> _Task brief_
Repeat the stretch of entries below from the line with "- Mate:26: CSN" through the line with "- Mate:46: jonaskuehling_gregs-wade-v3_idler-only:1". Include both ends and add nothing.

▬▬▬▬▬▬

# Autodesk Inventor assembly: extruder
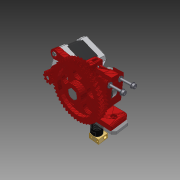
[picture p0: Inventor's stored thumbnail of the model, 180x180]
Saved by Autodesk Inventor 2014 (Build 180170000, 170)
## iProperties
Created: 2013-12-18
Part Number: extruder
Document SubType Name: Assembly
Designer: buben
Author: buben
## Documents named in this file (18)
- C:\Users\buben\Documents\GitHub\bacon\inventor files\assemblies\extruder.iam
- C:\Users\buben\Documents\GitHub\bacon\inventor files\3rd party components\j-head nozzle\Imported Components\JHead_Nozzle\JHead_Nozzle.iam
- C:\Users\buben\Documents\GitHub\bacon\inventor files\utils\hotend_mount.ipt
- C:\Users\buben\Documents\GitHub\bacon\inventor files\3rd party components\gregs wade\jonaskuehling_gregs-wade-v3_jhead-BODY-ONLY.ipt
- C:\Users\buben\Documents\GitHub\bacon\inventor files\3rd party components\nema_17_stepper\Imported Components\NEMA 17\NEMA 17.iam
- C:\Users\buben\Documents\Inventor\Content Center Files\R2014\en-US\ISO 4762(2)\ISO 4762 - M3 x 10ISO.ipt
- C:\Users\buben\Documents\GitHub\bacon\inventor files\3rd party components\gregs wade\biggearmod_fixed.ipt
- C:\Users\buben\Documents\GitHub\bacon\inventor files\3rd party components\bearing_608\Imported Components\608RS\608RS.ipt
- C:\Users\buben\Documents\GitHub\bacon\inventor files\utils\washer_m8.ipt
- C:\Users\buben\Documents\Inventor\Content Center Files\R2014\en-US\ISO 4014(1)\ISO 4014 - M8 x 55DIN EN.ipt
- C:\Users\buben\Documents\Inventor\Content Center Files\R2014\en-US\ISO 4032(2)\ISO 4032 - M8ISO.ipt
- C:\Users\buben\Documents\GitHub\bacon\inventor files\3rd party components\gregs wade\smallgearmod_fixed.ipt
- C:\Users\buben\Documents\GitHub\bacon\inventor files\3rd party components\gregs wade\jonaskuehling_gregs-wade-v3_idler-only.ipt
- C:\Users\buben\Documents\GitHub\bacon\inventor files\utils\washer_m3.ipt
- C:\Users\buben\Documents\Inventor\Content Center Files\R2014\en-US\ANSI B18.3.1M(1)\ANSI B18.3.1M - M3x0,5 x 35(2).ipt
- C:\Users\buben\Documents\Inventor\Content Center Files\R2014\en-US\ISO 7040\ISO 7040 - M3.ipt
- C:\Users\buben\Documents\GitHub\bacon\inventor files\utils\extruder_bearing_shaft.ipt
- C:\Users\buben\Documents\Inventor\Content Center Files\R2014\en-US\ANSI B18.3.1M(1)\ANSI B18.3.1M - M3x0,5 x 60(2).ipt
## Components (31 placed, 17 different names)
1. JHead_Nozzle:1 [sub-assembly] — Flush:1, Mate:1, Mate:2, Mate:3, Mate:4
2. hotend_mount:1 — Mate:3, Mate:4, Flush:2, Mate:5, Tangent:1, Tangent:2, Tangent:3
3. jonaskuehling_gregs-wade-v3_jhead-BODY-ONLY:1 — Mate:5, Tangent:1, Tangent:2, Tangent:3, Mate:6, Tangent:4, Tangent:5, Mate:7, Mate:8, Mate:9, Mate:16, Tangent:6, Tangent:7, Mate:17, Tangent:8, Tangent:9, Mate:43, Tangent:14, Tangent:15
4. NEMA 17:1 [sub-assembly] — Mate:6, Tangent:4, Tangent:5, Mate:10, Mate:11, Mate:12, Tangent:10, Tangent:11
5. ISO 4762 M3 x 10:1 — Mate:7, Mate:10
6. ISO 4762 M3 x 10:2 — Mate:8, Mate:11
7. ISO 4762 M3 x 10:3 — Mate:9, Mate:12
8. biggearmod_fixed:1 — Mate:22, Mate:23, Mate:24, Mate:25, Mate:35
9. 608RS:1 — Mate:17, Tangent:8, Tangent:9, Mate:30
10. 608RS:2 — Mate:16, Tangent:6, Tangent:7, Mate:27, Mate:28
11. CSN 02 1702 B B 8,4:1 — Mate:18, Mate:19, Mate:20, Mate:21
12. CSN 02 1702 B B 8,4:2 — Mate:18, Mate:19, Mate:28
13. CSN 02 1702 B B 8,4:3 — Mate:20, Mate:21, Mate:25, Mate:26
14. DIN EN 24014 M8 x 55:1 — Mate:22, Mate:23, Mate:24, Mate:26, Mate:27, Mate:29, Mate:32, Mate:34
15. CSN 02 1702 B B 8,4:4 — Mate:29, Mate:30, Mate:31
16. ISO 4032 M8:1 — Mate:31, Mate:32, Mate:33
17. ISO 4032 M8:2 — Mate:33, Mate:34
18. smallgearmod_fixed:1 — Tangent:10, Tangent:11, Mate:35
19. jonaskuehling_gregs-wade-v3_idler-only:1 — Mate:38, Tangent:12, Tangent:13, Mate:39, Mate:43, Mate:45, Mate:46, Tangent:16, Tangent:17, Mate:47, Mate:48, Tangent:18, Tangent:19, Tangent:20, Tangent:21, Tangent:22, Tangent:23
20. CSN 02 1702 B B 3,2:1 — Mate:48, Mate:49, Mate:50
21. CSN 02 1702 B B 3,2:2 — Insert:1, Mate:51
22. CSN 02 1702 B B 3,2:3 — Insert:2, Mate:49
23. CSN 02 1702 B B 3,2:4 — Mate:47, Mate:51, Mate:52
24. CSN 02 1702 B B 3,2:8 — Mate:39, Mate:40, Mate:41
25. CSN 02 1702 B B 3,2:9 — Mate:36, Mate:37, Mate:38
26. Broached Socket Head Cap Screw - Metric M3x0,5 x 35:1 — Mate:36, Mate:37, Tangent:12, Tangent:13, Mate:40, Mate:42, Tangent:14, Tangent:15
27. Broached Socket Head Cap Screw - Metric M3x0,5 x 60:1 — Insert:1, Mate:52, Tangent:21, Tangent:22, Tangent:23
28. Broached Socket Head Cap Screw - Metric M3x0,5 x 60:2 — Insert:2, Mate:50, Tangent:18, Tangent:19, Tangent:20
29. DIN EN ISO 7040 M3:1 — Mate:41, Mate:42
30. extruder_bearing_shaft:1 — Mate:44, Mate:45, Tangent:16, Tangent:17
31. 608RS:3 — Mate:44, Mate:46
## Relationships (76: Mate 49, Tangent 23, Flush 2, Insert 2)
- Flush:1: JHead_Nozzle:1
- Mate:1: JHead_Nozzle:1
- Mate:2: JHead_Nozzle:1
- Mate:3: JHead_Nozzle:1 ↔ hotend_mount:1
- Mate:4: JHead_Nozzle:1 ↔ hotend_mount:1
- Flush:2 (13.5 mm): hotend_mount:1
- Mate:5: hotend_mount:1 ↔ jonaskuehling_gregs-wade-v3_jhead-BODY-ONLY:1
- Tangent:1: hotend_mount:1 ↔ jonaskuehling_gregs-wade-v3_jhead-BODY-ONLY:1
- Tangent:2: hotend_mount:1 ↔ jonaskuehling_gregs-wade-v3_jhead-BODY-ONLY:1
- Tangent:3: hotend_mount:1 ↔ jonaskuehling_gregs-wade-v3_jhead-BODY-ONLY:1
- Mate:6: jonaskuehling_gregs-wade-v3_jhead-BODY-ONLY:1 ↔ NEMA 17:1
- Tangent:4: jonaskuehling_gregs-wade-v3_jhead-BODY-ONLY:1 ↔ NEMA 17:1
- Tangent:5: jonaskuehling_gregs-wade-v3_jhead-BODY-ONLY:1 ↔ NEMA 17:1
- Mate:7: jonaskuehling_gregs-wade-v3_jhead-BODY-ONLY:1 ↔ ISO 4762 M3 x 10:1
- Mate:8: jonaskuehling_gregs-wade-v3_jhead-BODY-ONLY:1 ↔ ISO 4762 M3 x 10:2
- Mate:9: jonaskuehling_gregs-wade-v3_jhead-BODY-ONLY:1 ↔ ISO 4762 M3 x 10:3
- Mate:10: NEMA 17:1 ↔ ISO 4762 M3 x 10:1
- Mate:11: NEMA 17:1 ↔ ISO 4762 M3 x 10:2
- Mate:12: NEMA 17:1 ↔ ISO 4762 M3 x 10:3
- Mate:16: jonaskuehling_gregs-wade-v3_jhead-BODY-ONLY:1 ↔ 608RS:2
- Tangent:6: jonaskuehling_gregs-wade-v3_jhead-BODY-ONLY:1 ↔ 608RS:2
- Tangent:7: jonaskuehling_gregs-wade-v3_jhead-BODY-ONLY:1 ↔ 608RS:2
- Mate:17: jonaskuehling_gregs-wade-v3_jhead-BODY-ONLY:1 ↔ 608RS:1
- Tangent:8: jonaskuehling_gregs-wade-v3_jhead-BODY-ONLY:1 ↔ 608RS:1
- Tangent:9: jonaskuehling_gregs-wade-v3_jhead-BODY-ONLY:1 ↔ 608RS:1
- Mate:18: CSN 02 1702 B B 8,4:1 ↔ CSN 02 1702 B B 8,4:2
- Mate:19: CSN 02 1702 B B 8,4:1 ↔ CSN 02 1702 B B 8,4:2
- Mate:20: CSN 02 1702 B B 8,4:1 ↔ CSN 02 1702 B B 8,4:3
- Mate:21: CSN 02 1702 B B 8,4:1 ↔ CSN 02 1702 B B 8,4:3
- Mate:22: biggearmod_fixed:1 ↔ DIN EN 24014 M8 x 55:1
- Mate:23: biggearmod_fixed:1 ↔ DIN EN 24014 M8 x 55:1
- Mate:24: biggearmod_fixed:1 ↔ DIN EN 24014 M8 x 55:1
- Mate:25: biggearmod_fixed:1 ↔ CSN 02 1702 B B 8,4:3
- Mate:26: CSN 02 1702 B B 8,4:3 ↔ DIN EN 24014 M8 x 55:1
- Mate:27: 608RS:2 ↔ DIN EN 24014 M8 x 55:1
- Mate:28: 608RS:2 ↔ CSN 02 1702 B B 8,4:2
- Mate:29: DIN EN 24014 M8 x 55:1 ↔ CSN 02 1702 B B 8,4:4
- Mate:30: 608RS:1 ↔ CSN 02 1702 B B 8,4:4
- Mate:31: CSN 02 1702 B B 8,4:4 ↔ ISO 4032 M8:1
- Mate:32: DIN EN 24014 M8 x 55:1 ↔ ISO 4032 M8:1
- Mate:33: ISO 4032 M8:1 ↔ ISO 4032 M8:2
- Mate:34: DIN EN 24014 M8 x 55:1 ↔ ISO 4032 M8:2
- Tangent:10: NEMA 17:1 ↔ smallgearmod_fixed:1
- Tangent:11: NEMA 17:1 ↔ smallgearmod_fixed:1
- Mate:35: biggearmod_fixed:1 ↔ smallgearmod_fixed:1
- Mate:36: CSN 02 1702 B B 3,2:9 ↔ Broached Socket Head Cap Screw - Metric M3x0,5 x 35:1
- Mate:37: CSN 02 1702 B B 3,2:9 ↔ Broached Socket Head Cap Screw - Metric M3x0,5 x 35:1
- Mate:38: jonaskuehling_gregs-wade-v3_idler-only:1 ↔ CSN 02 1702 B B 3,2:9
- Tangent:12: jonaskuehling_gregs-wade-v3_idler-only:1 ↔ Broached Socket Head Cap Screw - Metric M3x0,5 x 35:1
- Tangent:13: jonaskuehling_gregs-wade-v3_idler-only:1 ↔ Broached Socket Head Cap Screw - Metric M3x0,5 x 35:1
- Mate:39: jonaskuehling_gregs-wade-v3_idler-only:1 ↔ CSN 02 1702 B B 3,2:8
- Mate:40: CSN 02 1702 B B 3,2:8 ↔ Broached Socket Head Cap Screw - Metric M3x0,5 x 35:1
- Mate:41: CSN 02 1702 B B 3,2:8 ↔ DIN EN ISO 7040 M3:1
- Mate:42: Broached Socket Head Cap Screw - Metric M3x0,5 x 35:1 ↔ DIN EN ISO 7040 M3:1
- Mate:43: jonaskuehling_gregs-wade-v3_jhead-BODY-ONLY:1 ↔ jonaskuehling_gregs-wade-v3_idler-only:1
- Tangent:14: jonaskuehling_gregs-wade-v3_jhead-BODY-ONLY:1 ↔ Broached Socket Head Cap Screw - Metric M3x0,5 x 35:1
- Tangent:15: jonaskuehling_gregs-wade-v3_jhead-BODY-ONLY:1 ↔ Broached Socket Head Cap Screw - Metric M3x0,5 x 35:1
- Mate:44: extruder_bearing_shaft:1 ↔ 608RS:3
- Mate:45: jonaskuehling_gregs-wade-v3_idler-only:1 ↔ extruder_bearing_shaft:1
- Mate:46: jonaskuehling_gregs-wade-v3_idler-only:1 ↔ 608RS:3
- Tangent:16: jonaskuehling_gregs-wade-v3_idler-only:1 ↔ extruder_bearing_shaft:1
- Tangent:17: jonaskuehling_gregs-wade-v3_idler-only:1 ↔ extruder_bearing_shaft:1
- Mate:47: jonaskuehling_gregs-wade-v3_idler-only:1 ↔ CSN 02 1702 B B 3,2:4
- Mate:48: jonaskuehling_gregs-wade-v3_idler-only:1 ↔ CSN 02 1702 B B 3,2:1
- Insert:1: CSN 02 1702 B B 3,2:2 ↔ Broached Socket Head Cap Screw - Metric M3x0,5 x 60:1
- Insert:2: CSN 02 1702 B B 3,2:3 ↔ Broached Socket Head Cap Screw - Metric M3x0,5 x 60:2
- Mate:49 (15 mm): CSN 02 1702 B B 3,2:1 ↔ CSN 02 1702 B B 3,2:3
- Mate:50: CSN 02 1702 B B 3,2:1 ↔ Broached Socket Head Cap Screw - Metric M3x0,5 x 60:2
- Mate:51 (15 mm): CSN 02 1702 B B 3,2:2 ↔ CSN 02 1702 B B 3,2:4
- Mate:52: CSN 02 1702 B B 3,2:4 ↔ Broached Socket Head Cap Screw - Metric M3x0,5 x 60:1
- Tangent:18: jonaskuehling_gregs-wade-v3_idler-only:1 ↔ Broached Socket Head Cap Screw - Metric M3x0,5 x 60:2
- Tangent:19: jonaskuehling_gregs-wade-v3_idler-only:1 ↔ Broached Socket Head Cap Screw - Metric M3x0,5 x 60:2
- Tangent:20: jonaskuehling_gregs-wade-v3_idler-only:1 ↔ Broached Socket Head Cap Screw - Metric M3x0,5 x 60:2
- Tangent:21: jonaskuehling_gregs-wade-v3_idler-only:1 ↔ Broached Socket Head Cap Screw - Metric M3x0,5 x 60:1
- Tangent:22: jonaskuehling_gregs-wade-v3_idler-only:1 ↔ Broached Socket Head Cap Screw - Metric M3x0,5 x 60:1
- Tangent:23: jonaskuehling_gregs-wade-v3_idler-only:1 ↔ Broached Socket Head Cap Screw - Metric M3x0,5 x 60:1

▬▬▬▬▬▬

> _Task result_
- Mate:26: CSN 02 1702 B B 8,4:3 ↔ DIN EN 24014 M8 x 55:1
- Mate:27: 608RS:2 ↔ DIN EN 24014 M8 x 55:1
- Mate:28: 608RS:2 ↔ CSN 02 1702 B B 8,4:2
- Mate:29: DIN EN 24014 M8 x 55:1 ↔ CSN 02 1702 B B 8,4:4
- Mate:30: 608RS:1 ↔ CSN 02 1702 B B 8,4:4
- Mate:31: CSN 02 1702 B B 8,4:4 ↔ ISO 4032 M8:1
- Mate:32: DIN EN 24014 M8 x 55:1 ↔ ISO 4032 M8:1
- Mate:33: ISO 4032 M8:1 ↔ ISO 4032 M8:2
- Mate:34: DIN EN 24014 M8 x 55:1 ↔ ISO 4032 M8:2
- Tangent:10: NEMA 17:1 ↔ smallgearmod_fixed:1
- Tangent:11: NEMA 17:1 ↔ smallgearmod_fixed:1
- Mate:35: biggearmod_fixed:1 ↔ smallgearmod_fixed:1
- Mate:36: CSN 02 1702 B B 3,2:9 ↔ Broached Socket Head Cap Screw - Metric M3x0,5 x 35:1
- Mate:37: CSN 02 1702 B B 3,2:9 ↔ Broached Socket Head Cap Screw - Metric M3x0,5 x 35:1
- Mate:38: jonaskuehling_gregs-wade-v3_idler-only:1 ↔ CSN 02 1702 B B 3,2:9
- Tangent:12: jonaskuehling_gregs-wade-v3_idler-only:1 ↔ Broached Socket Head Cap Screw - Metric M3x0,5 x 35:1
- Tangent:13: jonaskuehling_gregs-wade-v3_idler-only:1 ↔ Broached Socket Head Cap Screw - Metric M3x0,5 x 35:1
- Mate:39: jonaskuehling_gregs-wade-v3_idler-only:1 ↔ CSN 02 1702 B B 3,2:8
- Mate:40: CSN 02 1702 B B 3,2:8 ↔ Broached Socket Head Cap Screw - Metric M3x0,5 x 35:1
- Mate:41: CSN 02 1702 B B 3,2:8 ↔ DIN EN ISO 7040 M3:1
- Mate:42: Broached Socket Head Cap Screw - Metric M3x0,5 x 35:1 ↔ DIN EN ISO 7040 M3:1
- Mate:43: jonaskuehling_gregs-wade-v3_jhead-BODY-ONLY:1 ↔ jonaskuehling_gregs-wade-v3_idler-only:1
- Tangent:14: jonaskuehling_gregs-wade-v3_jhead-BODY-ONLY:1 ↔ Broached Socket Head Cap Screw - Metric M3x0,5 x 35:1
- Tangent:15: jonaskuehling_gregs-wade-v3_jhead-BODY-ONLY:1 ↔ Broached Socket Head Cap Screw - Metric M3x0,5 x 35:1
- Mate:44: extruder_bearing_shaft:1 ↔ 608RS:3
- Mate:45: jonaskuehling_gregs-wade-v3_idler-only:1 ↔ extruder_bearing_shaft:1
- Mate:46: jonaskuehling_gregs-wade-v3_idler-only:1 ↔ 608RS:3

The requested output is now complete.